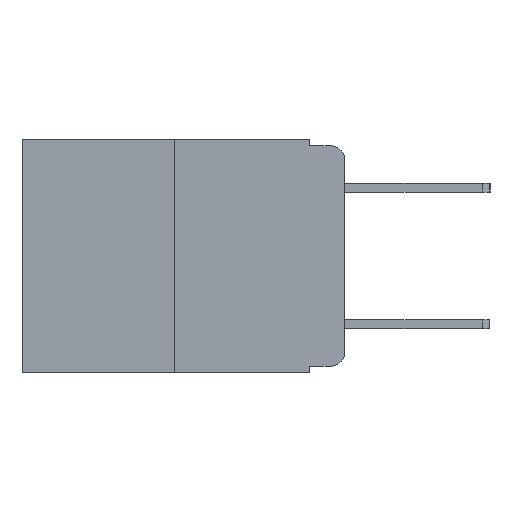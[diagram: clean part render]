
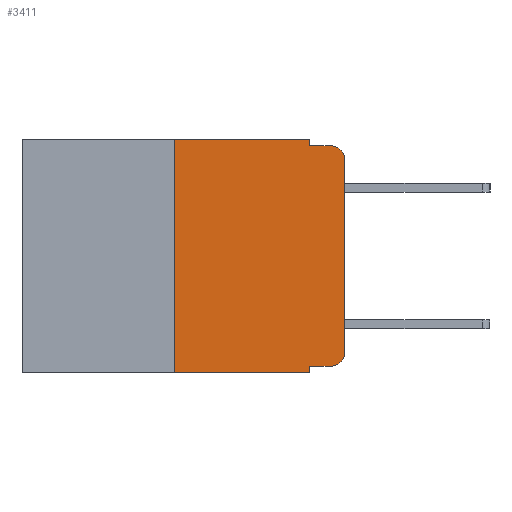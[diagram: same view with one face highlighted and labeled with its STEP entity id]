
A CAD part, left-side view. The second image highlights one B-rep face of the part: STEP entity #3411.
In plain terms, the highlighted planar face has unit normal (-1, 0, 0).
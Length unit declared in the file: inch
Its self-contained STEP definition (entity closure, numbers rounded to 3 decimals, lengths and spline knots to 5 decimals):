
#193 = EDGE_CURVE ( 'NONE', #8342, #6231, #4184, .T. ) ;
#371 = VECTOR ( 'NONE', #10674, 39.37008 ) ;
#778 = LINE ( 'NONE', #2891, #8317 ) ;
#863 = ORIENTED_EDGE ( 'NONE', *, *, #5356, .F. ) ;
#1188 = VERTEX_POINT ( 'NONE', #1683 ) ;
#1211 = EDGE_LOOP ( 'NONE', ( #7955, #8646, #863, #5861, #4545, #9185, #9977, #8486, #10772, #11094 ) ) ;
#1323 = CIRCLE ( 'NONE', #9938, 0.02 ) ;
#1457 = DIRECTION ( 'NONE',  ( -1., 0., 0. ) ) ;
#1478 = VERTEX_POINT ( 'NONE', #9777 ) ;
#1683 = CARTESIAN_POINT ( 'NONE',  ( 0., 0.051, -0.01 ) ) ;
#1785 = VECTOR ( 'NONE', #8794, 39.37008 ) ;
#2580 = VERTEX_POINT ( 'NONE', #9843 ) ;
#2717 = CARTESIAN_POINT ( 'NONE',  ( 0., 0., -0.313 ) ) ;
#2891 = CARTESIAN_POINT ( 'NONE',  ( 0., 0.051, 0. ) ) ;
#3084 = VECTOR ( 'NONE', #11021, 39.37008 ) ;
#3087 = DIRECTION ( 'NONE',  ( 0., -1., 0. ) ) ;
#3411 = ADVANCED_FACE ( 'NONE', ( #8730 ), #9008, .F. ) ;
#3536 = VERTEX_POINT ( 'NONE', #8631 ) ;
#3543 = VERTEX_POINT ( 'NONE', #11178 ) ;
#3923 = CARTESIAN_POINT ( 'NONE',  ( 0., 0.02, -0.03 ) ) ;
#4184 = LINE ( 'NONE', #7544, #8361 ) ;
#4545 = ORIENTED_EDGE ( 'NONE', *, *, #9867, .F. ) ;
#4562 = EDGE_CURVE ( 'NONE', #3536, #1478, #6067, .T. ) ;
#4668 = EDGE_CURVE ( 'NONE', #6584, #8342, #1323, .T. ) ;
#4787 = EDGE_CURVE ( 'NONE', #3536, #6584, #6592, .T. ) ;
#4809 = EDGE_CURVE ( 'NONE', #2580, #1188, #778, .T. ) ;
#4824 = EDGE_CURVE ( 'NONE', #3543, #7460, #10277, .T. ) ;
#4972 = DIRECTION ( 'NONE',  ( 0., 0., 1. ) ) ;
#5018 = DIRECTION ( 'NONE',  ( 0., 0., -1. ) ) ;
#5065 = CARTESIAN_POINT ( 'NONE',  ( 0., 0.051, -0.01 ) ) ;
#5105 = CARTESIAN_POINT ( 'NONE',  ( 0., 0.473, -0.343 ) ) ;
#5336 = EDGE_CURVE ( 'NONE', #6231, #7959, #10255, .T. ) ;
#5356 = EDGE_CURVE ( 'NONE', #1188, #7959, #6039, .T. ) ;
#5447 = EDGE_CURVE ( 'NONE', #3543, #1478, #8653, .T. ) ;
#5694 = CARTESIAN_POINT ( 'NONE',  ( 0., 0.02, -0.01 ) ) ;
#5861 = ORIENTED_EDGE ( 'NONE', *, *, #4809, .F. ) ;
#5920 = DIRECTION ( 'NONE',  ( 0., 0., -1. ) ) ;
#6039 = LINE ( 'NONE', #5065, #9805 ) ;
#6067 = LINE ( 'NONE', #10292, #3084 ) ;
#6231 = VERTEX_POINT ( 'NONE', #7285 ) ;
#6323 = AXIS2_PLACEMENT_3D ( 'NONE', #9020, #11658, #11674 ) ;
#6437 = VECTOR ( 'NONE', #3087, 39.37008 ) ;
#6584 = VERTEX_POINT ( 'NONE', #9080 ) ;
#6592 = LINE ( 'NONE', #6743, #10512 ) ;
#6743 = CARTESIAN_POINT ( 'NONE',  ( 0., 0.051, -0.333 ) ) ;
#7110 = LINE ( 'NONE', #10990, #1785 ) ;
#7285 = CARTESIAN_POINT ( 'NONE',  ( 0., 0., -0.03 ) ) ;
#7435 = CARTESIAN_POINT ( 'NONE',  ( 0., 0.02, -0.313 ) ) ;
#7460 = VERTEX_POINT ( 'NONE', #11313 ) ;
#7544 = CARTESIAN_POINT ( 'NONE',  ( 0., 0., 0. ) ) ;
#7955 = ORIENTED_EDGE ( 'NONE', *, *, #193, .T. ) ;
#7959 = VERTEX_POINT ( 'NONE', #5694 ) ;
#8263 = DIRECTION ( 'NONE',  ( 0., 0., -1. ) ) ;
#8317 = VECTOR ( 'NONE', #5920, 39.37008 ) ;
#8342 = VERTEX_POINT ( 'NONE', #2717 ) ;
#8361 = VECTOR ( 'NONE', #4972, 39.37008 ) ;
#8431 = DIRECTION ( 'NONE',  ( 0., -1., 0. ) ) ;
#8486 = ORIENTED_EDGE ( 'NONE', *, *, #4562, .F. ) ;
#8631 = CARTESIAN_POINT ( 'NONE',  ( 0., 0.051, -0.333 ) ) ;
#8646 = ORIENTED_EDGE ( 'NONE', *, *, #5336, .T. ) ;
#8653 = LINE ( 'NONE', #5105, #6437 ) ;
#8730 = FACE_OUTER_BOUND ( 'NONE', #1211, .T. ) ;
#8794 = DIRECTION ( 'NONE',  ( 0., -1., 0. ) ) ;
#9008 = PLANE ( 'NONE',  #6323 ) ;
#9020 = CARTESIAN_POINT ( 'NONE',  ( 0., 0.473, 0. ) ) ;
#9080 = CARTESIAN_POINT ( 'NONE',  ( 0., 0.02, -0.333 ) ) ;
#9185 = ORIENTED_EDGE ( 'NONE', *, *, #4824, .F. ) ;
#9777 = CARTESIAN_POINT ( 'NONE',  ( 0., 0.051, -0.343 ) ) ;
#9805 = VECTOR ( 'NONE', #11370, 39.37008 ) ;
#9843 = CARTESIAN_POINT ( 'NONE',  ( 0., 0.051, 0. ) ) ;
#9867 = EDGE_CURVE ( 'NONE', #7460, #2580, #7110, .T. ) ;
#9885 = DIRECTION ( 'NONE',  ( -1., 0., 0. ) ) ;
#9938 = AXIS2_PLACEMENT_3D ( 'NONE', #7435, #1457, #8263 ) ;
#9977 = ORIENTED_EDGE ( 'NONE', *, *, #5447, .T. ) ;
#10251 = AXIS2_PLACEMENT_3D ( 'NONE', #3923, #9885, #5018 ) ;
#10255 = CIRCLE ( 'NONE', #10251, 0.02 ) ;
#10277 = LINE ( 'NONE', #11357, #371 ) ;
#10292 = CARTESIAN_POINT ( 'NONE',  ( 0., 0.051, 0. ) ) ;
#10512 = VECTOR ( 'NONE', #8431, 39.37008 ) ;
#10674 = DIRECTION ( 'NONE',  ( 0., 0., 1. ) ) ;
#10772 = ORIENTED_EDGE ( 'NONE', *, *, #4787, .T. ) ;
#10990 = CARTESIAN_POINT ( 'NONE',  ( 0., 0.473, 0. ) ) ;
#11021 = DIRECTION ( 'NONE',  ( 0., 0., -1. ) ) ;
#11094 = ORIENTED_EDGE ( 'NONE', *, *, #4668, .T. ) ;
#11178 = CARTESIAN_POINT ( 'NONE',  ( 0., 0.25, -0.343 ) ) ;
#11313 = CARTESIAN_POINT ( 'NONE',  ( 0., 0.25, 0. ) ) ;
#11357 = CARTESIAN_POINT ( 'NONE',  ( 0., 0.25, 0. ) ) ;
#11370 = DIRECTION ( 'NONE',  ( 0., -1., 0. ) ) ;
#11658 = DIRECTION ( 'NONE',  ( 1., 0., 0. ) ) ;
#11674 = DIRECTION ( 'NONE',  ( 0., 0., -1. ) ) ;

════════════════════

**Exercise:**
Only the lines from the one containing "#11658 = DIRECTION" through the end of the material should be reproduced, exactly, with both ends included.

**Solved exercise:**
#11658 = DIRECTION ( 'NONE',  ( 1., 0., 0. ) ) ;
#11674 = DIRECTION ( 'NONE',  ( 0., 0., -1. ) ) ;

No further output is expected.